> [Task statement]: In the records below, find each line with the word "CCUFrtOnOffLampSts" and copy it.

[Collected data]

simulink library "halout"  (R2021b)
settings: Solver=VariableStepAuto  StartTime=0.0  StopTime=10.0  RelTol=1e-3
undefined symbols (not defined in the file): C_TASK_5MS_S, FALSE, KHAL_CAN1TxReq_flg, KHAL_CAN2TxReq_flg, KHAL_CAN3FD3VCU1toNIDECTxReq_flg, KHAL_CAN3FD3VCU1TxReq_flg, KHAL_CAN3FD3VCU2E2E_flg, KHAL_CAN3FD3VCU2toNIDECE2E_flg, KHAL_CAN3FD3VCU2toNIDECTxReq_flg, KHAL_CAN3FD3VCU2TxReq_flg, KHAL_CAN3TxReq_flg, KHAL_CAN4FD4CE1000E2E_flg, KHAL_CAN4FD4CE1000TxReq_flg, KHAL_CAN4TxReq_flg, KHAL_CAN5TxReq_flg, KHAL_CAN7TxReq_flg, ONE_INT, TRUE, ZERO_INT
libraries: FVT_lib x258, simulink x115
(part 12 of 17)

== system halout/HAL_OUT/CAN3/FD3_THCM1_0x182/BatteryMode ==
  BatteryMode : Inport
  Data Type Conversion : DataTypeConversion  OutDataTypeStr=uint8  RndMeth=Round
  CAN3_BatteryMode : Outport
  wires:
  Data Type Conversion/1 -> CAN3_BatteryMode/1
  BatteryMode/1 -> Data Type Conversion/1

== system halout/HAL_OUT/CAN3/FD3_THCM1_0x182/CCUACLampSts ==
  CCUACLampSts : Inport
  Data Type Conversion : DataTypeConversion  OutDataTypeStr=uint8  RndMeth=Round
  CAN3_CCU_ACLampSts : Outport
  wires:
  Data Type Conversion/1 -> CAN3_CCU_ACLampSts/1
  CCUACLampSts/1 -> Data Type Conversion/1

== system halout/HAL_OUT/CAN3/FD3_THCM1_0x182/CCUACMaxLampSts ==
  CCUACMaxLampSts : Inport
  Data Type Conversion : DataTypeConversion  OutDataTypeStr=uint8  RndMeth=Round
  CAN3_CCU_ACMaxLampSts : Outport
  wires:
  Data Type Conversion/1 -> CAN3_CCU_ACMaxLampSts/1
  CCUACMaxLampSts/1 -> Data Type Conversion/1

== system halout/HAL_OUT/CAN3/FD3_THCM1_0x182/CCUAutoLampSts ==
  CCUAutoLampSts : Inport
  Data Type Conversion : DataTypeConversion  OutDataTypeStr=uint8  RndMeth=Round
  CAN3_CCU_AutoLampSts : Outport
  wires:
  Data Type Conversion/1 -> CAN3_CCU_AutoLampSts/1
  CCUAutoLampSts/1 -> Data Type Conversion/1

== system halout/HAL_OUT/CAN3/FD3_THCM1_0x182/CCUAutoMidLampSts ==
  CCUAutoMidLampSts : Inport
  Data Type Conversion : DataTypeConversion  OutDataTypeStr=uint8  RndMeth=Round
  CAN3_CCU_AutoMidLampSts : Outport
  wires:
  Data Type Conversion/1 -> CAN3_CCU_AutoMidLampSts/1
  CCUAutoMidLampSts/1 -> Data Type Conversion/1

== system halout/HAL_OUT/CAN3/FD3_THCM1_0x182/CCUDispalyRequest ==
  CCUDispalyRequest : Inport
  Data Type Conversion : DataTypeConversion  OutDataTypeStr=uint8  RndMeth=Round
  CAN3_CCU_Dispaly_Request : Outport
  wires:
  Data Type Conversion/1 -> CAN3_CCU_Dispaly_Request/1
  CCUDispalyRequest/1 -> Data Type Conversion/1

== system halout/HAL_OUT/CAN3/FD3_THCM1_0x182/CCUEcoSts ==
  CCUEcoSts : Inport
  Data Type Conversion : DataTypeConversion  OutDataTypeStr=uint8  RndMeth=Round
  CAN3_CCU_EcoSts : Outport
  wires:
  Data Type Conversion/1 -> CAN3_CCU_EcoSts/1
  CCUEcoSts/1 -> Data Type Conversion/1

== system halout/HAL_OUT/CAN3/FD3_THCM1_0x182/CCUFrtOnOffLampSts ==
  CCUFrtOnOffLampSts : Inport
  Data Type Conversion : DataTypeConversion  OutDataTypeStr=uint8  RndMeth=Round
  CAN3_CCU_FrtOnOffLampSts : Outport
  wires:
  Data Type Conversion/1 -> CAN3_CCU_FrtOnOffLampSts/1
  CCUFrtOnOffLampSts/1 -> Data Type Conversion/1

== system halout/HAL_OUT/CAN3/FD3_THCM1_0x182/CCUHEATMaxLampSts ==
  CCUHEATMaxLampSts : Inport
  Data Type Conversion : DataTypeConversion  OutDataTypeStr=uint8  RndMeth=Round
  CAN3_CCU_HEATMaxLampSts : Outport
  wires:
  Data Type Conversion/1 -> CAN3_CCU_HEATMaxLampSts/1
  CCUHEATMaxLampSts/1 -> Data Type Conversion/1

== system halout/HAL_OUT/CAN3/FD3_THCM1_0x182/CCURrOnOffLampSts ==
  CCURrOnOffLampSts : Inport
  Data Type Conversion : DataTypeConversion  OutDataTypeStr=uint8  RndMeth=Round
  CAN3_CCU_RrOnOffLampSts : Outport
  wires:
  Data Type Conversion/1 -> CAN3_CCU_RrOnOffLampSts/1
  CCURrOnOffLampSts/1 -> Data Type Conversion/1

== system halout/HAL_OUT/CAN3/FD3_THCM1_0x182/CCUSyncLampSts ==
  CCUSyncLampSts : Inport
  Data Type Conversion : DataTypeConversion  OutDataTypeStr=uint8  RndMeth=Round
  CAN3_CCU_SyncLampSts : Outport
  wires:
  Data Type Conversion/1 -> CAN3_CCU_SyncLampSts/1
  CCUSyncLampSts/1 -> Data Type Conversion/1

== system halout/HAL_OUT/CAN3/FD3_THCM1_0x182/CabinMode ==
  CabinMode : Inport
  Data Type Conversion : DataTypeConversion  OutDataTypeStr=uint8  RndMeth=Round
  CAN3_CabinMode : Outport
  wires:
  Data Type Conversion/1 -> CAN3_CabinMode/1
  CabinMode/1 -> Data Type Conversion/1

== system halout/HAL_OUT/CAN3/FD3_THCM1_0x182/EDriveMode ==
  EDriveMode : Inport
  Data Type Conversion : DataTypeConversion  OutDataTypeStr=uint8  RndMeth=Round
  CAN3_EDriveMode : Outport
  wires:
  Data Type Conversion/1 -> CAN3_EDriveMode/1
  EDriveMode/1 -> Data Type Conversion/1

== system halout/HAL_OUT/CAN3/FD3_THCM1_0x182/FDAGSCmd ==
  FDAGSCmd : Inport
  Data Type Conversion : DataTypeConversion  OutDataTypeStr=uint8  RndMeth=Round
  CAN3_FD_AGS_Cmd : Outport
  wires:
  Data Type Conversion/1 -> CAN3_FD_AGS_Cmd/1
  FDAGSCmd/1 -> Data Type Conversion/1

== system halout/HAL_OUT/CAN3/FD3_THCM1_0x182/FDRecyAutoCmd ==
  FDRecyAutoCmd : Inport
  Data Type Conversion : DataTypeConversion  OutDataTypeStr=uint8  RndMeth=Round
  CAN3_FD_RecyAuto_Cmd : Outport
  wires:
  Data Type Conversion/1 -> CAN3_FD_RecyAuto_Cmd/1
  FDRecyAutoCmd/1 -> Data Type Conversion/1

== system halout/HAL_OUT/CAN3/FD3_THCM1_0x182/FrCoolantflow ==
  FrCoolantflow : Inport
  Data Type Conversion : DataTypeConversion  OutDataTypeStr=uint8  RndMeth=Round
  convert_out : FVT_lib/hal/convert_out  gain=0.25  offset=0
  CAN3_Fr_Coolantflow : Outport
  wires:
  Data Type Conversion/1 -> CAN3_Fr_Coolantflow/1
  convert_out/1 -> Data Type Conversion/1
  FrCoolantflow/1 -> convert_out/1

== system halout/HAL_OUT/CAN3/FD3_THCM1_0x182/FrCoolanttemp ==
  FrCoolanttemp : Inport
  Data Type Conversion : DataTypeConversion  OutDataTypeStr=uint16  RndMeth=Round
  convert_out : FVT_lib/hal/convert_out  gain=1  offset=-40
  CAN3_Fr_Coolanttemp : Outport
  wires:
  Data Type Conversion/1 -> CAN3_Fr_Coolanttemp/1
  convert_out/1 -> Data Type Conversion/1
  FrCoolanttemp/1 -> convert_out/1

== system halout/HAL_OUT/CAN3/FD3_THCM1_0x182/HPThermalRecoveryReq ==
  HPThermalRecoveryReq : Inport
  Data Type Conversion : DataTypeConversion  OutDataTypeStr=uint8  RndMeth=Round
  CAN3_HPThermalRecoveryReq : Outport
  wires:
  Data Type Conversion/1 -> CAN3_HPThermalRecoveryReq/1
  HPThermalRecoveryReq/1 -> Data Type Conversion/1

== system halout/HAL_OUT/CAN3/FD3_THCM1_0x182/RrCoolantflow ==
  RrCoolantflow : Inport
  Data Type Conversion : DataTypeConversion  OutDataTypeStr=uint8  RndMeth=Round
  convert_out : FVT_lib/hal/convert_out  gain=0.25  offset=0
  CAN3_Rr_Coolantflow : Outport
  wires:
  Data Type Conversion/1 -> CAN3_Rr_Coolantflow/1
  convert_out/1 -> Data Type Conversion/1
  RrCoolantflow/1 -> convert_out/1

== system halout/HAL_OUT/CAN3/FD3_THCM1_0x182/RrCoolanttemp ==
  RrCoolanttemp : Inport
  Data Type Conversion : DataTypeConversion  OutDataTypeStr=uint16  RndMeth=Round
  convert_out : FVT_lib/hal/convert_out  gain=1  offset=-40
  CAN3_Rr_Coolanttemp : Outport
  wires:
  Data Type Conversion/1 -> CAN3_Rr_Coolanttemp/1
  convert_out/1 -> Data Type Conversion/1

> [Exercise solution]:
== system halout/HAL_OUT/CAN3/FD3_THCM1_0x182/CCUFrtOnOffLampSts ==
  CCUFrtOnOffLampSts : Inport
  CCUFrtOnOffLampSts/1 -> Data Type Conversion/1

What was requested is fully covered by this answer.